__Action item__
Copy nothing but the lines below running from the line containing "data: qx output;" through the line containing "transformacionaMatrica = trvec2tform(trenutniPolozaj);", both end lines included.

__Provided material__
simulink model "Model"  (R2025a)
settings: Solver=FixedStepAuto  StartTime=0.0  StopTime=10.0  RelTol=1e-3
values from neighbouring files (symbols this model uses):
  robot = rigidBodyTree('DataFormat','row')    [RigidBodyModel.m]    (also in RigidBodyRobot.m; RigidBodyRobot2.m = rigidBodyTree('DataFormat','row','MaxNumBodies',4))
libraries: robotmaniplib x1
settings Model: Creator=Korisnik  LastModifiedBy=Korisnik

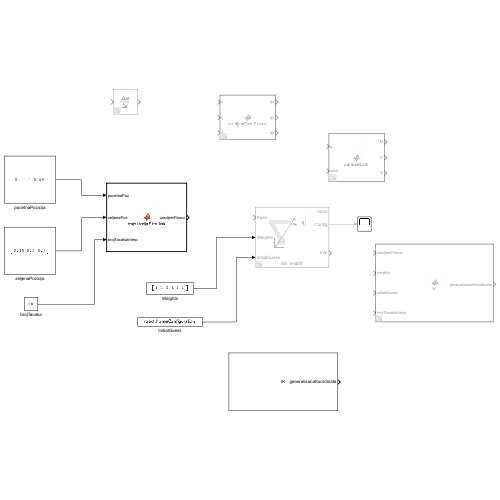
[thumbnail: Simulink's stored preview of the top-level diagram]
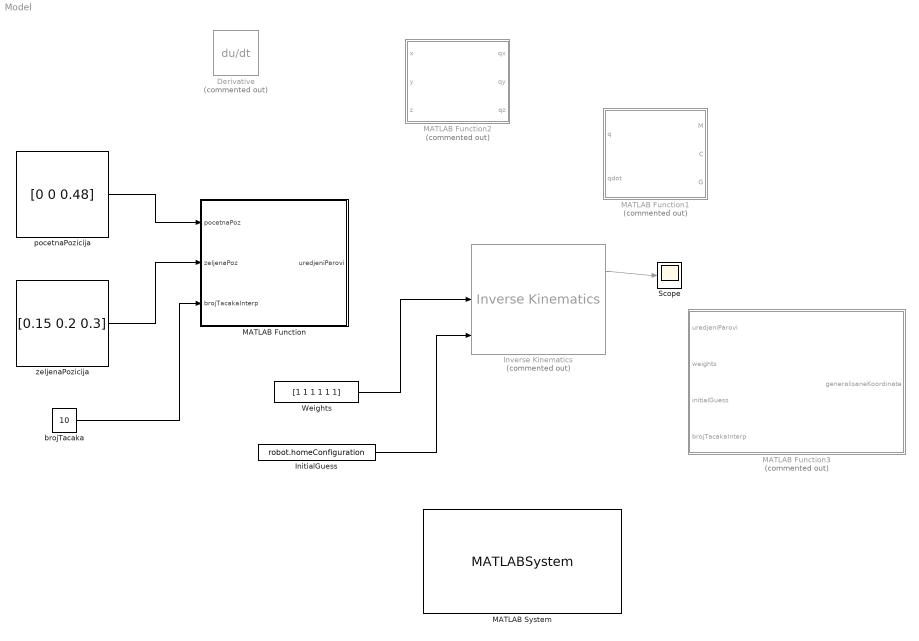
== system Model ==
  Derivative : Derivative  Commented=on
  InitialGuess : Constant  Value=robot.homeConfiguration
  Inverse Kinematics : robotmaniplib/Inverse Kinematics  Commented=on  RigidBodyTree=robot  EndEffector=endEff  ShowInfo=on  SolverName=BFGS Gradient Projection  EnforceJointLimits=on  MaxIterations=1500  MaxTime=10  GradientTolerance=1e-7  SolutionTolerance=1e-6  StepTolerance=1e-14  ConstraintTolerance=1e-6  ErrorChangeTolerance=1e-12  UseErrorDamping=on  DampingBias=0.0025  SimulateUsing=Interpreted execution
  MATLAB Function : MATLAB Function  TreatAsAtomicUnit=on
  MATLAB Function1 : MATLAB Function  Commented=on  TreatAsAtomicUnit=on
  MATLAB Function2 : MATLAB Function  Commented=on  TreatAsAtomicUnit=on
  MATLAB Function3 : MATLAB Function  Commented=on  TreatAsAtomicUnit=on
  MATLAB System : MATLABSystem  System=IK  brojTacakaInterp=[10]  zeljeniPolozaj=[0.1 0.2 0.3]  pocetniPolozaj=[0 0 0.48]  SimulateUsing=Code generation
      mask Type: IK
  Scope : Scope
  Weights : Constant  Value=[1 1 1 1 1 1]
  brojTacaka : Constant  Value=10
  pocetnaPozicija : Constant  Value=[0 0 0.48]
  zeljenaPozicija : Constant  Value=[0.15 0.2 0.3]
  wires:
  pocetnaPozicija/1 -> MATLAB Function/1(pocetnaPoz)
  zeljenaPozicija/1 -> MATLAB Function/2(zeljenaPoz)
  brojTacaka/1 -> MATLAB Function/3(brojTacakaInterp)
  Weights/1 -> Inverse Kinematics/2
  InitialGuess/1 -> Inverse Kinematics/3
  Inverse Kinematics/1 -> Scope/1

== matlab function Model/MATLAB Function1 ==
  data: q input; M output; C output; G output; qdot input
function [M, C, G] = parametriDif(q, qdot)

M = massMatrix(robot, q);
C = velocityProductMatrix(robot, q, qdot);
G = gravityTorque(robot, q);

== matlab function Model/MATLAB Function ==
  data: pocetnaPoz input; uredjeniParovi output; zeljenaPoz input; brojTacakaInterp input
function uredjeniParovi  = trajektorijaSimulink(pocetnaPoz,zeljenaPoz, brojTacakaInterp)
%PRAVLJENJE_TRAJEKTORIJE
%   Za zadati pocetni i krajnji polozaj daje putanje za x, y, z sa n tacaka
%   izmedju
uredjeniParovi = zeros(brojTacakaInterp, 3);
t = [0 1];
tq = linspace(0, 1, brojTacakaInterp);
xPutanja = interp1(t, [pocetnaPoz(1), zeljenaPoz(1)], tq, 'spline');
yPutanja = interp1(t, [pocetnaPoz(2), zeljenaPoz(2)], tq, 'spline');
zPutanja = interp1(t, [pocetnaPoz(3), zeljenaPoz(3)], tq, 'spline');
for i = 1:brojTacakaInterp
    uredjeniParovi(i, :) = [xPutanja(i), yPutanja(i), zPutanja(i)];
end


end

== matlab function Model/MATLAB Function2 ==
  data: qx output; qy output; x input; y input; z input; qz output
function [qx, qy, qz] = uredjeniTrenParovi(x, y, z)
    
for i = 1:10
    qx = x(i);
    qy = y(i);
    qz = z(i);
end

== matlab function Model/MATLAB Function3 ==
  data: uredjeniParovi input; generalisaneKoordinate output; weights input; initialGuess input; brojTacakaInterp input
function generalisaneKoordinate = IK(uredjeniParovi, weights, initialGuess, brojTacakaInterp)

generalisaneKoordinate = zeros(brojTacakaInterp, 4);

ik = inverseKinematics('RigidBodyTree',robot, 'SolverAlgorithm','LevenbergMarquardt');

for i = 1:brojTacakaInterp
    trenutniPolozaj = uredjeniParovi(i, :);
    transformacionaMatrica = trvec2tform(trenutniPolozaj);

    [generalisanaKoordinata, status] = ik('endEff', transformMatrica, weights, initialGuess);
    generalisaneKoordinate(i, :) = generalisanaKoordinata;
    initialGuess = generalisanaKoordinata;
    %Provera da li je ovaj polozaj moguce postici
    if noviPolozaj(2) < min(lakat.PositionLimits) && noviPolozaj(2) > max(lakat.PositionLimits)
        disp('Položaj nije moguće postići.\n');
    end
    if noviPolozaj(3) < min(zglobSake.PositionLimits) && noviPolozaj(4) > max(zglobSake.PositionLimits)
        disp('Položaj nije moguće postići.\n');
    end
    
end



end

__Output below__
  data: qx output; qy output; x input; y input; z input; qz output
function [qx, qy, qz] = uredjeniTrenParovi(x, y, z)
    
for i = 1:10
    qx = x(i);
    qy = y(i);
    qz = z(i);
end

== matlab function Model/MATLAB Function3 ==
  data: uredjeniParovi input; generalisaneKoordinate output; weights input; initialGuess input; brojTacakaInterp input
function generalisaneKoordinate = IK(uredjeniParovi, weights, initialGuess, brojTacakaInterp)

generalisaneKoordinate = zeros(brojTacakaInterp, 4);

ik = inverseKinematics('RigidBodyTree',robot, 'SolverAlgorithm','LevenbergMarquardt');

for i = 1:brojTacakaInterp
    trenutniPolozaj = uredjeniParovi(i, :);
    transformacionaMatrica = trvec2tform(trenutniPolozaj);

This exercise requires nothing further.